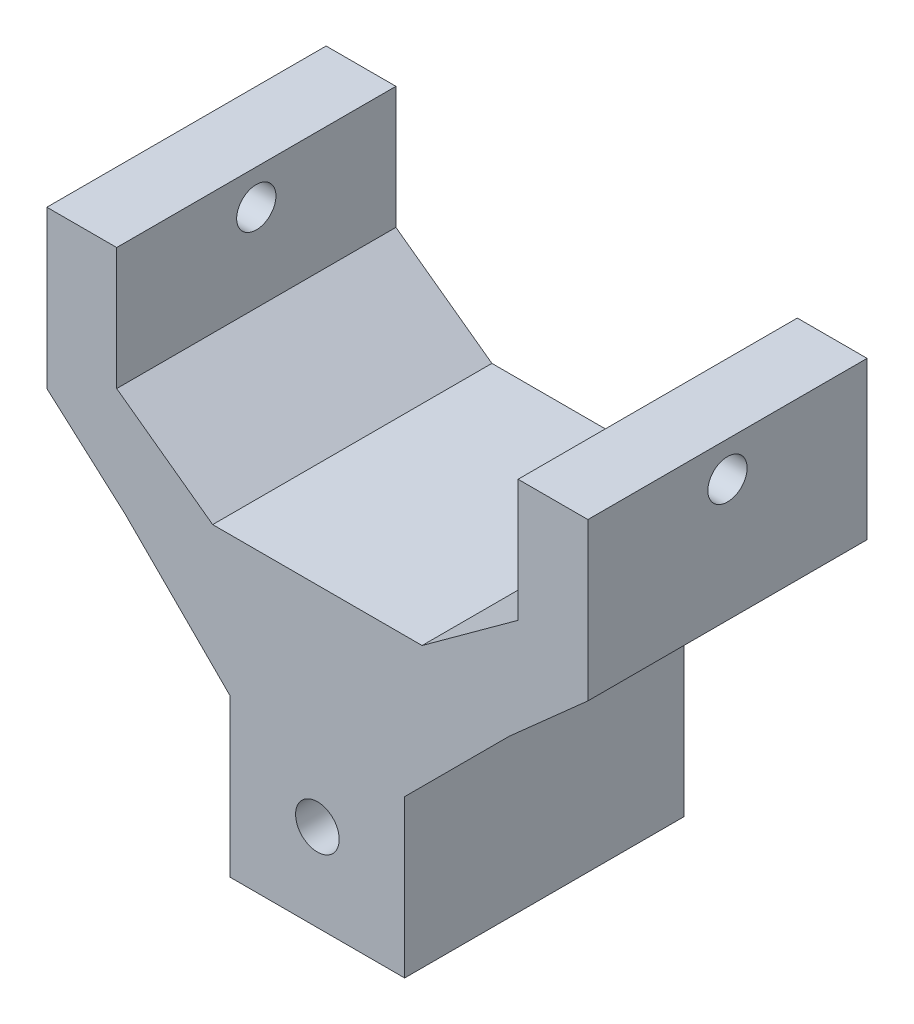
ISO-10303-21;
HEADER;
FILE_DESCRIPTION(('STEP AP214'),'2;1');
FILE_NAME('part.step','',(''),(''),'','','');
FILE_SCHEMA(('AUTOMOTIVE_DESIGN { 1 0 10303 214 1 1 1 1 }'));
ENDSEC;
DATA;
#1=APPLICATION_CONTEXT('core data for automotive mechanical design processes');
#2=APPLICATION_PROTOCOL_DEFINITION('international standard','automotive_design',2000,#1);
#3=PRODUCT_CONTEXT('',#1,'mechanical');
#4=PRODUCT('Part','Part','',(#3));
#5=PRODUCT_RELATED_PRODUCT_CATEGORY('part','',(#4));
#6=PRODUCT_DEFINITION_FORMATION('','',#4);
#7=PRODUCT_DEFINITION_CONTEXT('part definition',#1,'design');
#8=PRODUCT_DEFINITION('design','',#6,#7);
#9=PRODUCT_DEFINITION_SHAPE('','',#8);
#10=(LENGTH_UNIT() NAMED_UNIT(*) SI_UNIT(.MILLI.,.METRE.));
#11=(NAMED_UNIT(*) PLANE_ANGLE_UNIT() SI_UNIT($,.RADIAN.));
#12=(NAMED_UNIT(*) SI_UNIT($,.STERADIAN.) SOLID_ANGLE_UNIT());
#13=UNCERTAINTY_MEASURE_WITH_UNIT(LENGTH_MEASURE(1.E-05),#10,'distance_accuracy_value','');
#14=(GEOMETRIC_REPRESENTATION_CONTEXT(3) GLOBAL_UNCERTAINTY_ASSIGNED_CONTEXT((#13)) GLOBAL_UNIT_ASSIGNED_CONTEXT((#10,
#11,#12)) REPRESENTATION_CONTEXT('',''));
#15=CARTESIAN_POINT('',(0.,0.,0.));
#16=DIRECTION('',(0.,0.,1.));
#17=DIRECTION('',(1.,0.,0.));
#18=AXIS2_PLACEMENT_3D('',#15,#16,#17);
#19=CARTESIAN_POINT('',(-10.,-132.,-16.));
#20=DIRECTION('',(-1.,0.,0.));
#21=DIRECTION('',(0.,0.,1.));
#22=AXIS2_PLACEMENT_3D('',#19,#20,#21);
#23=PLANE('',#22);
#24=DIRECTION('',(0.,-1.,0.));
#25=VECTOR('',#24,1.);
#26=CARTESIAN_POINT('',(-10.,-132.,16.));
#27=LINE('',#26,#25);
#28=CARTESIAN_POINT('',(-10.,-132.,16.));
#29=VERTEX_POINT('',#28);
#30=CARTESIAN_POINT('',(-10.,-150.,16.));
#31=VERTEX_POINT('',#30);
#32=EDGE_CURVE('E187',#29,#31,#27,.T.);
#33=ORIENTED_EDGE('',*,*,#32,.F.);
#34=DIRECTION('',(0.,0.,1.));
#35=VECTOR('',#34,1.);
#36=CARTESIAN_POINT('',(-10.,-132.,-16.));
#37=LINE('',#36,#35);
#38=CARTESIAN_POINT('',(-10.,-132.,-16.));
#39=VERTEX_POINT('',#38);
#40=EDGE_CURVE('E11',#39,#29,#37,.T.);
#41=ORIENTED_EDGE('',*,*,#40,.F.);
#42=DIRECTION('',(0.,-1.,0.));
#43=VECTOR('',#42,1.);
#44=CARTESIAN_POINT('',(-10.,-132.,-16.));
#45=LINE('',#44,#43);
#46=CARTESIAN_POINT('',(-10.,-150.,-16.));
#47=VERTEX_POINT('',#46);
#48=EDGE_CURVE('E232',#39,#47,#45,.T.);
#49=ORIENTED_EDGE('',*,*,#48,.T.);
#50=DIRECTION('',(0.,0.,1.));
#51=VECTOR('',#50,1.);
#52=CARTESIAN_POINT('',(-10.,-150.,-16.));
#53=LINE('',#52,#51);
#54=EDGE_CURVE('E121',#47,#31,#53,.T.);
#55=ORIENTED_EDGE('',*,*,#54,.T.);
#56=EDGE_LOOP('',(#33,#41,#49,#55));
#57=FACE_BOUND('',#56,.T.);
#58=ADVANCED_FACE('F41',(#57),#23,.T.);
#59=CARTESIAN_POINT('',(-22.,-120.,-16.));
#60=DIRECTION('',(-0.707106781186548,-0.707106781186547,0.));
#61=DIRECTION('',(0.707106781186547,-0.707106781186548,0.));
#62=AXIS2_PLACEMENT_3D('',#59,#60,#61);
#63=PLANE('',#62);
#64=DIRECTION('',(0.707106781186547,-0.707106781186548,0.));
#65=VECTOR('',#64,1.);
#66=CARTESIAN_POINT('',(-22.,-120.,16.));
#67=LINE('',#66,#65);
#68=CARTESIAN_POINT('',(-22.,-120.,16.));
#69=VERTEX_POINT('',#68);
#70=EDGE_CURVE('E230',#69,#29,#67,.T.);
#71=ORIENTED_EDGE('',*,*,#70,.F.);
#72=DIRECTION('',(0.,0.,1.));
#73=VECTOR('',#72,1.);
#74=CARTESIAN_POINT('',(-22.,-120.,-16.));
#75=LINE('',#74,#73);
#76=CARTESIAN_POINT('',(-22.,-120.,-16.));
#77=VERTEX_POINT('',#76);
#78=EDGE_CURVE('E50',#77,#69,#75,.T.);
#79=ORIENTED_EDGE('',*,*,#78,.F.);
#80=DIRECTION('',(0.707106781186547,-0.707106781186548,0.));
#81=VECTOR('',#80,1.);
#82=CARTESIAN_POINT('',(-22.,-120.,-16.));
#83=LINE('',#82,#81);
#84=EDGE_CURVE('E177',#77,#39,#83,.T.);
#85=ORIENTED_EDGE('',*,*,#84,.T.);
#86=ORIENTED_EDGE('',*,*,#40,.T.);
#87=EDGE_LOOP('',(#71,#79,#85,#86));
#88=FACE_BOUND('',#87,.T.);
#89=ADVANCED_FACE('F349',(#88),#63,.T.);
#90=CARTESIAN_POINT('',(-31.,-112.,-16.));
#91=DIRECTION('',(-0.664363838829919,-0.74740931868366,0.));
#92=DIRECTION('',(0.74740931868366,-0.664363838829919,0.));
#93=AXIS2_PLACEMENT_3D('',#90,#91,#92);
#94=PLANE('',#93);
#95=DIRECTION('',(0.74740931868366,-0.664363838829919,0.));
#96=VECTOR('',#95,1.);
#97=CARTESIAN_POINT('',(-31.,-112.,16.));
#98=LINE('',#97,#96);
#99=CARTESIAN_POINT('',(-31.,-112.,16.));
#100=VERTEX_POINT('',#99);
#101=EDGE_CURVE('E164',#100,#69,#98,.T.);
#102=ORIENTED_EDGE('',*,*,#101,.F.);
#103=DIRECTION('',(0.,0.,1.));
#104=VECTOR('',#103,1.);
#105=CARTESIAN_POINT('',(-31.,-112.,-16.));
#106=LINE('',#105,#104);
#107=CARTESIAN_POINT('',(-31.,-112.,-16.));
#108=VERTEX_POINT('',#107);
#109=EDGE_CURVE('E159',#108,#100,#106,.T.);
#110=ORIENTED_EDGE('',*,*,#109,.F.);
#111=DIRECTION('',(0.74740931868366,-0.664363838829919,0.));
#112=VECTOR('',#111,1.);
#113=CARTESIAN_POINT('',(-31.,-112.,-16.));
#114=LINE('',#113,#112);
#115=EDGE_CURVE('E162',#108,#77,#114,.T.);
#116=ORIENTED_EDGE('',*,*,#115,.T.);
#117=ORIENTED_EDGE('',*,*,#78,.T.);
#118=EDGE_LOOP('',(#102,#110,#116,#117));
#119=FACE_BOUND('',#118,.T.);
#120=ADVANCED_FACE('F161',(#119),#94,.T.);
#121=CARTESIAN_POINT('',(-31.,-94.,-16.));
#122=DIRECTION('',(-1.,0.,0.));
#123=DIRECTION('',(0.,0.,1.));
#124=AXIS2_PLACEMENT_3D('',#121,#122,#123);
#125=PLANE('',#124);
#126=CARTESIAN_POINT('',(-31.,-98.,0.));
#127=DIRECTION('',(-1.,0.,0.));
#128=DIRECTION('',(0.,0.,1.));
#129=AXIS2_PLACEMENT_3D('',#126,#127,#128);
#130=CIRCLE('',#129,2.25);
#131=CARTESIAN_POINT('',(-31.,-98.,2.25));
#132=VERTEX_POINT('',#131);
#133=EDGE_CURVE('E260',#132,#132,#130,.T.);
#134=ORIENTED_EDGE('',*,*,#133,.F.);
#135=EDGE_LOOP('',(#134));
#136=FACE_BOUND('',#135,.T.);
#137=DIRECTION('',(0.,-1.,0.));
#138=VECTOR('',#137,1.);
#139=CARTESIAN_POINT('',(-31.,-94.,16.));
#140=LINE('',#139,#138);
#141=CARTESIAN_POINT('',(-31.,-94.,16.));
#142=VERTEX_POINT('',#141);
#143=EDGE_CURVE('E227',#142,#100,#140,.T.);
#144=ORIENTED_EDGE('',*,*,#143,.F.);
#145=DIRECTION('',(0.,0.,1.));
#146=VECTOR('',#145,1.);
#147=CARTESIAN_POINT('',(-31.,-94.,-16.));
#148=LINE('',#147,#146);
#149=CARTESIAN_POINT('',(-31.,-94.,-16.));
#150=VERTEX_POINT('',#149);
#151=EDGE_CURVE('E169',#150,#142,#148,.T.);
#152=ORIENTED_EDGE('',*,*,#151,.F.);
#153=DIRECTION('',(0.,-1.,0.));
#154=VECTOR('',#153,1.);
#155=CARTESIAN_POINT('',(-31.,-94.,-16.));
#156=LINE('',#155,#154);
#157=EDGE_CURVE('E175',#150,#108,#156,.T.);
#158=ORIENTED_EDGE('',*,*,#157,.T.);
#159=ORIENTED_EDGE('',*,*,#109,.T.);
#160=EDGE_LOOP('',(#144,#152,#158,#159));
#161=FACE_BOUND('',#160,.T.);
#162=ADVANCED_FACE('F179',(#136,#161),#125,.T.);
#163=CARTESIAN_POINT('',(-23.,-94.,-16.));
#164=DIRECTION('',(0.,1.,0.));
#165=DIRECTION('',(0.,0.,1.));
#166=AXIS2_PLACEMENT_3D('',#163,#164,#165);
#167=PLANE('',#166);
#168=DIRECTION('',(-1.,0.,0.));
#169=VECTOR('',#168,1.);
#170=CARTESIAN_POINT('',(-23.,-94.,16.));
#171=LINE('',#170,#169);
#172=CARTESIAN_POINT('',(-23.,-94.,16.));
#173=VERTEX_POINT('',#172);
#174=EDGE_CURVE('E224',#173,#142,#171,.T.);
#175=ORIENTED_EDGE('',*,*,#174,.F.);
#176=DIRECTION('',(0.,0.,1.));
#177=VECTOR('',#176,1.);
#178=CARTESIAN_POINT('',(-23.,-94.,-16.));
#179=LINE('',#178,#177);
#180=CARTESIAN_POINT('',(-23.,-94.,-16.));
#181=VERTEX_POINT('',#180);
#182=EDGE_CURVE('E236',#181,#173,#179,.T.);
#183=ORIENTED_EDGE('',*,*,#182,.F.);
#184=DIRECTION('',(-1.,0.,0.));
#185=VECTOR('',#184,1.);
#186=CARTESIAN_POINT('',(-23.,-94.,-16.));
#187=LINE('',#186,#185);
#188=EDGE_CURVE('E180',#181,#150,#187,.T.);
#189=ORIENTED_EDGE('',*,*,#188,.T.);
#190=ORIENTED_EDGE('',*,*,#151,.T.);
#191=EDGE_LOOP('',(#175,#183,#189,#190));
#192=FACE_BOUND('',#191,.T.);
#193=ADVANCED_FACE('F362',(#192),#167,.T.);
#194=CARTESIAN_POINT('',(-23.,-108.,-16.));
#195=DIRECTION('',(1.,0.,0.));
#196=DIRECTION('',(0.,0.,-1.));
#197=AXIS2_PLACEMENT_3D('',#194,#195,#196);
#198=PLANE('',#197);
#199=CARTESIAN_POINT('',(-23.,-98.,0.));
#200=DIRECTION('',(1.,0.,0.));
#201=DIRECTION('',(0.,0.,-1.));
#202=AXIS2_PLACEMENT_3D('',#199,#200,#201);
#203=CIRCLE('',#202,2.25);
#204=CARTESIAN_POINT('',(-23.,-98.,-2.25));
#205=VERTEX_POINT('',#204);
#206=EDGE_CURVE('E266',#205,#205,#203,.T.);
#207=ORIENTED_EDGE('',*,*,#206,.F.);
#208=EDGE_LOOP('',(#207));
#209=FACE_BOUND('',#208,.T.);
#210=DIRECTION('',(0.,1.,0.));
#211=VECTOR('',#210,1.);
#212=CARTESIAN_POINT('',(-23.,-108.,16.));
#213=LINE('',#212,#211);
#214=CARTESIAN_POINT('',(-23.,-108.,16.));
#215=VERTEX_POINT('',#214);
#216=EDGE_CURVE('E221',#215,#173,#213,.T.);
#217=ORIENTED_EDGE('',*,*,#216,.F.);
#218=DIRECTION('',(0.,0.,1.));
#219=VECTOR('',#218,1.);
#220=CARTESIAN_POINT('',(-23.,-108.,-16.));
#221=LINE('',#220,#219);
#222=CARTESIAN_POINT('',(-23.,-108.,-16.));
#223=VERTEX_POINT('',#222);
#224=EDGE_CURVE('E238',#223,#215,#221,.T.);
#225=ORIENTED_EDGE('',*,*,#224,.F.);
#226=DIRECTION('',(0.,1.,0.));
#227=VECTOR('',#226,1.);
#228=CARTESIAN_POINT('',(-23.,-108.,-16.));
#229=LINE('',#228,#227);
#230=EDGE_CURVE('E182',#223,#181,#229,.T.);
#231=ORIENTED_EDGE('',*,*,#230,.T.);
#232=ORIENTED_EDGE('',*,*,#182,.T.);
#233=EDGE_LOOP('',(#217,#225,#231,#232));
#234=FACE_BOUND('',#233,.T.);
#235=ADVANCED_FACE('F308',(#209,#234),#198,.T.);
#236=CARTESIAN_POINT('',(-12.,-116.,-16.));
#237=DIRECTION('',(0.588171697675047,0.808736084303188,0.));
#238=DIRECTION('',(-0.808736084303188,0.588171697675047,0.));
#239=AXIS2_PLACEMENT_3D('',#236,#237,#238);
#240=PLANE('',#239);
#241=DIRECTION('',(-0.808736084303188,0.588171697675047,0.));
#242=VECTOR('',#241,1.);
#243=CARTESIAN_POINT('',(-12.,-116.,16.));
#244=LINE('',#243,#242);
#245=CARTESIAN_POINT('',(-12.,-116.,16.));
#246=VERTEX_POINT('',#245);
#247=EDGE_CURVE('E218',#246,#215,#244,.T.);
#248=ORIENTED_EDGE('',*,*,#247,.F.);
#249=DIRECTION('',(0.,0.,1.));
#250=VECTOR('',#249,1.);
#251=CARTESIAN_POINT('',(-12.,-116.,-16.));
#252=LINE('',#251,#250);
#253=CARTESIAN_POINT('',(-12.,-116.,-16.));
#254=VERTEX_POINT('',#253);
#255=EDGE_CURVE('E240',#254,#246,#252,.T.);
#256=ORIENTED_EDGE('',*,*,#255,.F.);
#257=DIRECTION('',(-0.808736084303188,0.588171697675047,0.));
#258=VECTOR('',#257,1.);
#259=CARTESIAN_POINT('',(-12.,-116.,-16.));
#260=LINE('',#259,#258);
#261=EDGE_CURVE('E302',#254,#223,#260,.T.);
#262=ORIENTED_EDGE('',*,*,#261,.T.);
#263=ORIENTED_EDGE('',*,*,#224,.T.);
#264=EDGE_LOOP('',(#248,#256,#262,#263));
#265=FACE_BOUND('',#264,.T.);
#266=ADVANCED_FACE('F314',(#265),#240,.T.);
#267=CARTESIAN_POINT('',(12.,-116.,-16.));
#268=DIRECTION('',(0.,1.,0.));
#269=DIRECTION('',(0.,0.,1.));
#270=AXIS2_PLACEMENT_3D('',#267,#268,#269);
#271=PLANE('',#270);
#272=DIRECTION('',(-1.,0.,0.));
#273=VECTOR('',#272,1.);
#274=CARTESIAN_POINT('',(12.,-116.,16.));
#275=LINE('',#274,#273);
#276=CARTESIAN_POINT('',(12.,-116.,16.));
#277=VERTEX_POINT('',#276);
#278=EDGE_CURVE('E215',#277,#246,#275,.T.);
#279=ORIENTED_EDGE('',*,*,#278,.F.);
#280=DIRECTION('',(0.,0.,1.));
#281=VECTOR('',#280,1.);
#282=CARTESIAN_POINT('',(12.,-116.,-16.));
#283=LINE('',#282,#281);
#284=CARTESIAN_POINT('',(12.,-116.,-16.));
#285=VERTEX_POINT('',#284);
#286=EDGE_CURVE('E242',#285,#277,#283,.T.);
#287=ORIENTED_EDGE('',*,*,#286,.F.);
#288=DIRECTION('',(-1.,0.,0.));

## WHAT THE EXERCISE ASKS:
Repeat only what runs from the first line of the records above to the line with "#10=(LENGTH_UNIT() NAMED_UNIT(*) SI_UNIT(.MILLI.,.METRE.));", both included, word for word, minus the pictures.

## RESPONSE TO THIS EXERCISE:
ISO-10303-21;
HEADER;
FILE_DESCRIPTION(('STEP AP214'),'2;1');
FILE_NAME('part.step','',(''),(''),'','','');
FILE_SCHEMA(('AUTOMOTIVE_DESIGN { 1 0 10303 214 1 1 1 1 }'));
ENDSEC;
DATA;
#1=APPLICATION_CONTEXT('core data for automotive mechanical design processes');
#2=APPLICATION_PROTOCOL_DEFINITION('international standard','automotive_design',2000,#1);
#3=PRODUCT_CONTEXT('',#1,'mechanical');
#4=PRODUCT('Part','Part','',(#3));
#5=PRODUCT_RELATED_PRODUCT_CATEGORY('part','',(#4));
#6=PRODUCT_DEFINITION_FORMATION('','',#4);
#7=PRODUCT_DEFINITION_CONTEXT('part definition',#1,'design');
#8=PRODUCT_DEFINITION('design','',#6,#7);
#9=PRODUCT_DEFINITION_SHAPE('','',#8);
#10=(LENGTH_UNIT() NAMED_UNIT(*) SI_UNIT(.MILLI.,.METRE.));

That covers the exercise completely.